◆ Activity ◆
Only the lines with the string "styles" are needed; return each of them from the entries below.

◆ Records for this exercise ◆
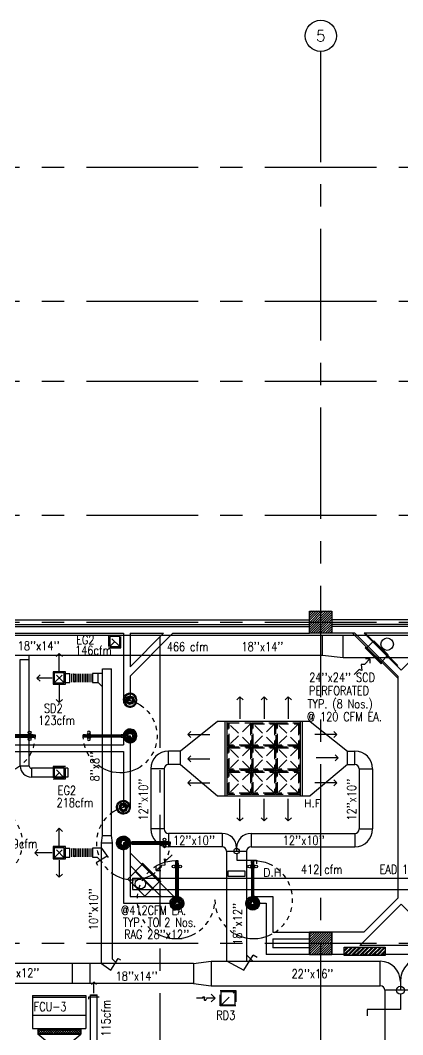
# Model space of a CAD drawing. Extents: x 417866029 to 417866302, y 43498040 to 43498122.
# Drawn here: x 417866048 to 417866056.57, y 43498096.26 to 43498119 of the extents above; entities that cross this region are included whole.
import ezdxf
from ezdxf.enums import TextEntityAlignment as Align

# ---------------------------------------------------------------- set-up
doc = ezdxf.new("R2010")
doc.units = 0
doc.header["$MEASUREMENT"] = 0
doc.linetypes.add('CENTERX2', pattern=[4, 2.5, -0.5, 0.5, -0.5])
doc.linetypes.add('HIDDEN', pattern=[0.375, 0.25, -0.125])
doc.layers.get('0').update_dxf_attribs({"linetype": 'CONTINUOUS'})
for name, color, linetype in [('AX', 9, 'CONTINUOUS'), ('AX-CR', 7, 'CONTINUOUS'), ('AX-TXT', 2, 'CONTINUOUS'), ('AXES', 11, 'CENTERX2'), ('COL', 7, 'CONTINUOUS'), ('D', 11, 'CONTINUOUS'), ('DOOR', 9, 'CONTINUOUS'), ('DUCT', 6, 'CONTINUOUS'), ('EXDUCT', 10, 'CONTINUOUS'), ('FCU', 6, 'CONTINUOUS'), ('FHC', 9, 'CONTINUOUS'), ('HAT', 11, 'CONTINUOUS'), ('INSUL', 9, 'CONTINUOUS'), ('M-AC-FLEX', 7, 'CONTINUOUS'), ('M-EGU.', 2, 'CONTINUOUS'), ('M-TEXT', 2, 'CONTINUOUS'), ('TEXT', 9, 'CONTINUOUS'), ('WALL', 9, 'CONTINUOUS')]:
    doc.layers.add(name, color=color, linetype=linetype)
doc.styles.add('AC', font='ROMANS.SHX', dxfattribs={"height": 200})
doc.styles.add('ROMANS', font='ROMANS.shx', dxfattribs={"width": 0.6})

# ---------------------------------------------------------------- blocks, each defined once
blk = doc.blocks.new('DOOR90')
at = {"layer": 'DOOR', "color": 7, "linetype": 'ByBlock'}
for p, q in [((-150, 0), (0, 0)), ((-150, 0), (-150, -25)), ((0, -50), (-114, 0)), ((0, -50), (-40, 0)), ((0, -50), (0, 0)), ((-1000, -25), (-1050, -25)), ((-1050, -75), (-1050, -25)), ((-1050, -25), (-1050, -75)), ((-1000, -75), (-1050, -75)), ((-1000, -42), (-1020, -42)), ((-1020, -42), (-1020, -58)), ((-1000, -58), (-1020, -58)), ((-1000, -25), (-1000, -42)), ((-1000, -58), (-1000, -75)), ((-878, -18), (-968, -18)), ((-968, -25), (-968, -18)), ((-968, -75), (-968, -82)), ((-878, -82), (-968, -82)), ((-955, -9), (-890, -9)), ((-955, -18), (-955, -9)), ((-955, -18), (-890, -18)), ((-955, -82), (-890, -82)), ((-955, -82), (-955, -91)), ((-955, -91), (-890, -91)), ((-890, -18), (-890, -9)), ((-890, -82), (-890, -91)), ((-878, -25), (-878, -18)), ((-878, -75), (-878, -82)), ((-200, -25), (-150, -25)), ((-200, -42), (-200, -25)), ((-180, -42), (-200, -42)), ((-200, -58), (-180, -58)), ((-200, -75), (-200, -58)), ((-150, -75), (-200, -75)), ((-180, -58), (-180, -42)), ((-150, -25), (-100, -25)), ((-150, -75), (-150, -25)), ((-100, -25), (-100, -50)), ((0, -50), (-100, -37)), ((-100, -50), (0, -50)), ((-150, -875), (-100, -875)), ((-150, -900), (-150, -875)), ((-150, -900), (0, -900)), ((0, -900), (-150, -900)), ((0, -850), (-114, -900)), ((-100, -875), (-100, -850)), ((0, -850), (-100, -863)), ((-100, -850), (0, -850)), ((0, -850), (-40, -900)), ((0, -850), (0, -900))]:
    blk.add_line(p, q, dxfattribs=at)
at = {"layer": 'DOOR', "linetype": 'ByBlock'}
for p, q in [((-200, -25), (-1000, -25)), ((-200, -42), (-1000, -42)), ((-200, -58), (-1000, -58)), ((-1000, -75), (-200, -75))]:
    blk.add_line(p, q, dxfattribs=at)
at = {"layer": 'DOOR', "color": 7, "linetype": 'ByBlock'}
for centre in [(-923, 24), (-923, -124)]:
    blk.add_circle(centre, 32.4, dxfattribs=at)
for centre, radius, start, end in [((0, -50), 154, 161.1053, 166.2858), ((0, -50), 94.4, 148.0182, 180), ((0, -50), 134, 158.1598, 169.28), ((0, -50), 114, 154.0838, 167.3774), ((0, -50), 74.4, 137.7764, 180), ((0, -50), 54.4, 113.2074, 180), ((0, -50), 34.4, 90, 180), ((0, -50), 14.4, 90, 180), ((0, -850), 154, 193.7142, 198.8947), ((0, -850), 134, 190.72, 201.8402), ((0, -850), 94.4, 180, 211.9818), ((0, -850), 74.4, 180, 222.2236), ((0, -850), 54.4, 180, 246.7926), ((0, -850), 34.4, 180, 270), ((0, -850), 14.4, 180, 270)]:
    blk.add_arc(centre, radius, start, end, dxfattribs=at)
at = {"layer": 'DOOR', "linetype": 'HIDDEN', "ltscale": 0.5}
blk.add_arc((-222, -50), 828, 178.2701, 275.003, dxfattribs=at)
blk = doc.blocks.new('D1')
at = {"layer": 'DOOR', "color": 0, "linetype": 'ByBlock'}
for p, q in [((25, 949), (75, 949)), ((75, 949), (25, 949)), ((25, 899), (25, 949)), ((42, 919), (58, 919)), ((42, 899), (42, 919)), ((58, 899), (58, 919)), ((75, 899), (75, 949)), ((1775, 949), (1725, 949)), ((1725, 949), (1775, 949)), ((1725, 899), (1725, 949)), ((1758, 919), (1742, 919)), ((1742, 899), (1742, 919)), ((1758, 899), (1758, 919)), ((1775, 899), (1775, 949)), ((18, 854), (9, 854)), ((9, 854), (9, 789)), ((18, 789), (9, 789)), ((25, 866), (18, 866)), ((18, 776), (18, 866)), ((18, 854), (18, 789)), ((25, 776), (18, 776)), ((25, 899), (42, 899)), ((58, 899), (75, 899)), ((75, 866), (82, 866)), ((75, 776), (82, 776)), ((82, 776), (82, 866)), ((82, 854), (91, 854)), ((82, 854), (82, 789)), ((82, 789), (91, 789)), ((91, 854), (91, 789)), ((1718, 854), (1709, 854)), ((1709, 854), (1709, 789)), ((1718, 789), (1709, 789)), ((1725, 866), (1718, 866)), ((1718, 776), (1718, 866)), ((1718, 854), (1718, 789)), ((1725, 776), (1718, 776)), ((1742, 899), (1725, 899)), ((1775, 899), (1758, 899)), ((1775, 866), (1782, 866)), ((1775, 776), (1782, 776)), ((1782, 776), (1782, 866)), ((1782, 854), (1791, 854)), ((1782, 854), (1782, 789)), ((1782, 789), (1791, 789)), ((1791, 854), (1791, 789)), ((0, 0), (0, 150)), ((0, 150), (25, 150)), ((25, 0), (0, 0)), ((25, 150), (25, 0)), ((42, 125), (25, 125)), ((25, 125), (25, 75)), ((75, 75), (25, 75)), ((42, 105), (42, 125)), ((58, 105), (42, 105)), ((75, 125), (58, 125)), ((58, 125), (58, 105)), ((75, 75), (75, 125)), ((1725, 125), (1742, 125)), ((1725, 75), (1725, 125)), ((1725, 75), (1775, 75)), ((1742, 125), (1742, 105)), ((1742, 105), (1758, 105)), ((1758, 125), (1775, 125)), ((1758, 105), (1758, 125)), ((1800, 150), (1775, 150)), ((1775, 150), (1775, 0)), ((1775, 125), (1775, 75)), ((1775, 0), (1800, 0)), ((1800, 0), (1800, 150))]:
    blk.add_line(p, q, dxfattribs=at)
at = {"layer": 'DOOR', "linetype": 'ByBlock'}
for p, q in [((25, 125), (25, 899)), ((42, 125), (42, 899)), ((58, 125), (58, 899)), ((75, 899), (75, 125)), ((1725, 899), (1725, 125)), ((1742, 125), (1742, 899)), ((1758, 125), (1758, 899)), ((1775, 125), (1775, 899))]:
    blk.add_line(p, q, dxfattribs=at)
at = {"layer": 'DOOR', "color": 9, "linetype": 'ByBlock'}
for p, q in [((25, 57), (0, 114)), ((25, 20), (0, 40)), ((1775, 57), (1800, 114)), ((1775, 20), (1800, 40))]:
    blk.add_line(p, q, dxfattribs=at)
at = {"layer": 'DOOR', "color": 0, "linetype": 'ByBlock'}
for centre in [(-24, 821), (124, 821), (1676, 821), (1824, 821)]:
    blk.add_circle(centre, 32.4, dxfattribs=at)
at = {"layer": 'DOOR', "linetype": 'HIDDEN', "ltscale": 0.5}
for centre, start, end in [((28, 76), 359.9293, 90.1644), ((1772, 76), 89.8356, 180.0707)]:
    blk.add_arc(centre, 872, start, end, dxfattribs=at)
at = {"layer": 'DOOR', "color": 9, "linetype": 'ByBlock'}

◆ Answer to this problem ◆
doc.styles.add('AC', font='ROMANS.SHX', dxfattribs={"height": 200})
doc.styles.add('ROMANS', font='ROMANS.shx', dxfattribs={"width": 0.6})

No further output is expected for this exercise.